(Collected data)
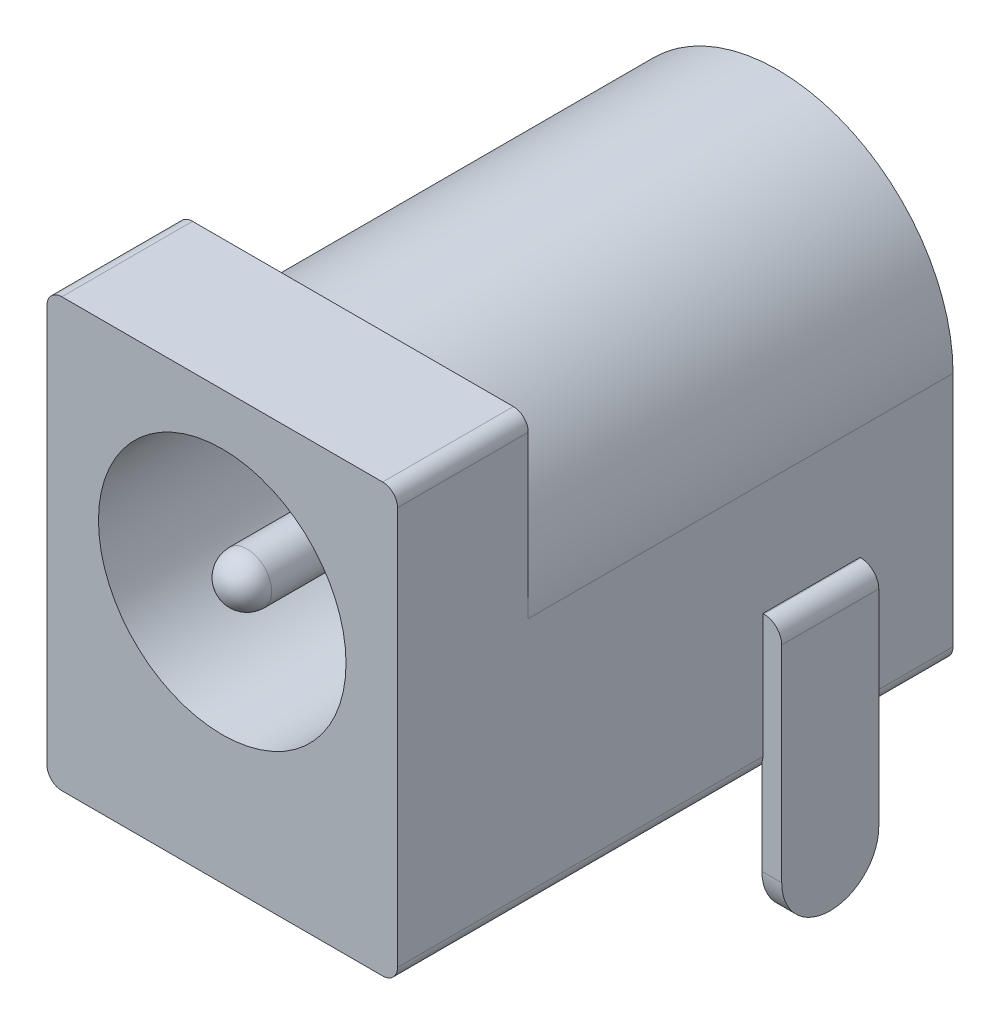
ISO-10303-21;
HEADER;
FILE_DESCRIPTION(('STEP AP214'),'2;1');
FILE_NAME('part.step','',(''),(''),'','','');
FILE_SCHEMA(('AUTOMOTIVE_DESIGN { 1 0 10303 214 1 1 1 1 }'));
ENDSEC;
DATA;
#1=APPLICATION_CONTEXT('core data for automotive mechanical design processes');
#2=APPLICATION_PROTOCOL_DEFINITION('international standard','automotive_design',2000,#1);
#3=PRODUCT_CONTEXT('',#1,'mechanical');
#4=PRODUCT('Part','Part','',(#3));
#5=PRODUCT_RELATED_PRODUCT_CATEGORY('part','',(#4));
#6=PRODUCT_DEFINITION_FORMATION('','',#4);
#7=PRODUCT_DEFINITION_CONTEXT('part definition',#1,'design');
#8=PRODUCT_DEFINITION('design','',#6,#7);
#9=PRODUCT_DEFINITION_SHAPE('','',#8);
#10=(LENGTH_UNIT() NAMED_UNIT(*) SI_UNIT(.MILLI.,.METRE.));
#11=(NAMED_UNIT(*) PLANE_ANGLE_UNIT() SI_UNIT($,.RADIAN.));
#12=(NAMED_UNIT(*) SI_UNIT($,.STERADIAN.) SOLID_ANGLE_UNIT());
#13=UNCERTAINTY_MEASURE_WITH_UNIT(LENGTH_MEASURE(1.E-05),#10,'distance_accuracy_value','');
#14=(GEOMETRIC_REPRESENTATION_CONTEXT(3) GLOBAL_UNCERTAINTY_ASSIGNED_CONTEXT((#13)) GLOBAL_UNIT_ASSIGNED_CONTEXT((#10,
#11,#12)) REPRESENTATION_CONTEXT('',''));
#15=CARTESIAN_POINT('',(0.,0.,0.));
#16=DIRECTION('',(0.,0.,1.));
#17=DIRECTION('',(1.,0.,0.));
#18=AXIS2_PLACEMENT_3D('',#15,#16,#17);
#19=CARTESIAN_POINT('',(8.9662,-3.683,2.3876));
#20=DIRECTION('',(-1.,0.,0.));
#21=DIRECTION('',(0.,0.,1.));
#22=AXIS2_PLACEMENT_3D('',#19,#20,#21);
#23=PLANE('',#22);
#24=DIRECTION('',(0.,1.,0.));
#25=VECTOR('',#24,1.);
#26=CARTESIAN_POINT('',(8.9662,-3.683,2.3876));
#27=LINE('',#26,#25);
#28=CARTESIAN_POINT('',(8.96619999999999,-2.1844,2.3876));
#29=VERTEX_POINT('',#28);
#30=CARTESIAN_POINT('',(8.9662,0.244216813898783,2.3876));
#31=VERTEX_POINT('',#30);
#32=EDGE_CURVE('E233',#29,#31,#27,.T.);
#33=ORIENTED_EDGE('',*,*,#32,.F.);
#34=CARTESIAN_POINT('',(8.96619999999999,-2.1844,3.6322));
#35=DIRECTION('',(1.,0.,0.));
#36=DIRECTION('',(0.,0.,-1.));
#37=AXIS2_PLACEMENT_3D('',#34,#35,#36);
#38=CIRCLE('',#37,1.2446);
#39=CARTESIAN_POINT('',(8.96619999999999,-2.1844,4.8768));
#40=VERTEX_POINT('',#39);
#41=EDGE_CURVE('E220',#40,#29,#38,.T.);
#42=ORIENTED_EDGE('',*,*,#41,.F.);
#43=DIRECTION('',(0.,1.,0.));
#44=VECTOR('',#43,1.);
#45=CARTESIAN_POINT('',(8.9662,-3.683,4.8768));
#46=LINE('',#45,#44);
#47=CARTESIAN_POINT('',(8.9662,0.244216813898783,4.8768));
#48=VERTEX_POINT('',#47);
#49=EDGE_CURVE('E253',#40,#48,#46,.T.);
#50=ORIENTED_EDGE('',*,*,#49,.T.);
#51=DIRECTION('',(0.,0.,-1.));
#52=VECTOR('',#51,1.);
#53=CARTESIAN_POINT('',(8.9662,0.244216813898783,14.2494));
#54=LINE('',#53,#52);
#55=EDGE_CURVE('E240',#31,#48,#54,.F.);
#56=ORIENTED_EDGE('',*,*,#55,.F.);
#57=EDGE_LOOP('',(#33,#42,#50,#56));
#58=FACE_BOUND('',#57,.T.);
#59=ADVANCED_FACE('F44',(#58),#23,.T.);
#60=CARTESIAN_POINT('',(8.9662,-3.683,2.3876));
#61=DIRECTION('',(0.,0.,1.));
#62=DIRECTION('',(1.,0.,0.));
#63=AXIS2_PLACEMENT_3D('',#60,#61,#62);
#64=PLANE('',#63);
#65=DIRECTION('',(1.,0.,0.));
#66=VECTOR('',#65,1.);
#67=CARTESIAN_POINT('',(8.96619999999999,-2.1844,2.3876));
#68=LINE('',#67,#66);
#69=CARTESIAN_POINT('',(9.47419999999999,-2.1844,2.3876));
#70=VERTEX_POINT('',#69);
#71=EDGE_CURVE('E59',#29,#70,#68,.T.);
#72=ORIENTED_EDGE('',*,*,#71,.F.);
#73=ORIENTED_EDGE('',*,*,#32,.T.);
#74=CARTESIAN_POINT('',(8.6106,0.380999999999999,2.3876));
#75=DIRECTION('',(0.,0.,1.));
#76=DIRECTION('',(1.,0.,0.));
#77=AXIS2_PLACEMENT_3D('',#74,#75,#76);
#78=CIRCLE('',#77,0.380999999999999);
#79=CARTESIAN_POINT('',(8.99159999999999,0.380999999999999,2.3876));
#80=VERTEX_POINT('',#79);
#81=EDGE_CURVE('E244',#31,#80,#78,.T.);
#82=ORIENTED_EDGE('',*,*,#81,.T.);
#83=DIRECTION('',(0.,-1.,0.));
#84=VECTOR('',#83,1.);
#85=CARTESIAN_POINT('',(8.9916,10.5918,2.3876));
#86=LINE('',#85,#84);
#87=CARTESIAN_POINT('',(8.9916,3.556,2.3876));
#88=VERTEX_POINT('',#87);
#89=EDGE_CURVE('E351',#88,#80,#86,.T.);
#90=ORIENTED_EDGE('',*,*,#89,.F.);
#91=DIRECTION('',(1.,0.,0.));
#92=VECTOR('',#91,1.);
#93=CARTESIAN_POINT('',(8.9662,3.556,2.3876));
#94=LINE('',#93,#92);
#95=CARTESIAN_POINT('',(9.017,3.556,2.3876));
#96=VERTEX_POINT('',#95);
#97=EDGE_CURVE('E249',#88,#96,#94,.T.);
#98=ORIENTED_EDGE('',*,*,#97,.T.);
#99=CARTESIAN_POINT('',(9.017,3.0988,2.3876));
#100=DIRECTION('',(0.,0.,1.));
#101=DIRECTION('',(1.,0.,0.));
#102=AXIS2_PLACEMENT_3D('',#99,#100,#101);
#103=CIRCLE('',#102,0.4572);
#104=CARTESIAN_POINT('',(9.47419999999999,3.0988,2.3876));
#105=VERTEX_POINT('',#104);
#106=EDGE_CURVE('E387',#96,#105,#103,.F.);
#107=ORIENTED_EDGE('',*,*,#106,.T.);
#108=DIRECTION('',(0.,1.,0.));
#109=VECTOR('',#108,1.);
#110=CARTESIAN_POINT('',(9.47419999999999,-3.683,2.3876));
#111=LINE('',#110,#109);
#112=EDGE_CURVE('E236',#70,#105,#111,.T.);
#113=ORIENTED_EDGE('',*,*,#112,.F.);
#114=EDGE_LOOP('',(#72,#73,#82,#90,#98,#107,#113));
#115=FACE_BOUND('',#114,.T.);
#116=ADVANCED_FACE('F231',(#115),#64,.F.);
#117=CARTESIAN_POINT('',(9.47419999999999,-3.683,4.8768));
#118=DIRECTION('',(1.,0.,0.));
#119=DIRECTION('',(0.,0.,-1.));
#120=AXIS2_PLACEMENT_3D('',#117,#118,#119);
#121=PLANE('',#120);
#122=DIRECTION('',(0.,1.,0.));
#123=VECTOR('',#122,1.);
#124=CARTESIAN_POINT('',(9.47419999999999,-3.683,4.8768));
#125=LINE('',#124,#123);
#126=CARTESIAN_POINT('',(9.47419999999999,-2.1844,4.8768));
#127=VERTEX_POINT('',#126);
#128=CARTESIAN_POINT('',(9.47419999999999,3.0988,4.8768));
#129=VERTEX_POINT('',#128);
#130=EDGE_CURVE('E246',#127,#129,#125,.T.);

### Exercise instructions
Counting the line that contains "#115=FACE_BOUND('',#114,.T.);" as the first, copy exactly every line through the end of the records, and nothing else.

### Output below
#115=FACE_BOUND('',#114,.T.);
#116=ADVANCED_FACE('F231',(#115),#64,.F.);
#117=CARTESIAN_POINT('',(9.47419999999999,-3.683,4.8768));
#118=DIRECTION('',(1.,0.,0.));
#119=DIRECTION('',(0.,0.,-1.));
#120=AXIS2_PLACEMENT_3D('',#117,#118,#119);
#121=PLANE('',#120);
#122=DIRECTION('',(0.,1.,0.));
#123=VECTOR('',#122,1.);
#124=CARTESIAN_POINT('',(9.47419999999999,-3.683,4.8768));
#125=LINE('',#124,#123);
#126=CARTESIAN_POINT('',(9.47419999999999,-2.1844,4.8768));
#127=VERTEX_POINT('',#126);
#128=CARTESIAN_POINT('',(9.47419999999999,3.0988,4.8768));
#129=VERTEX_POINT('',#128);
#130=EDGE_CURVE('E246',#127,#129,#125,.T.);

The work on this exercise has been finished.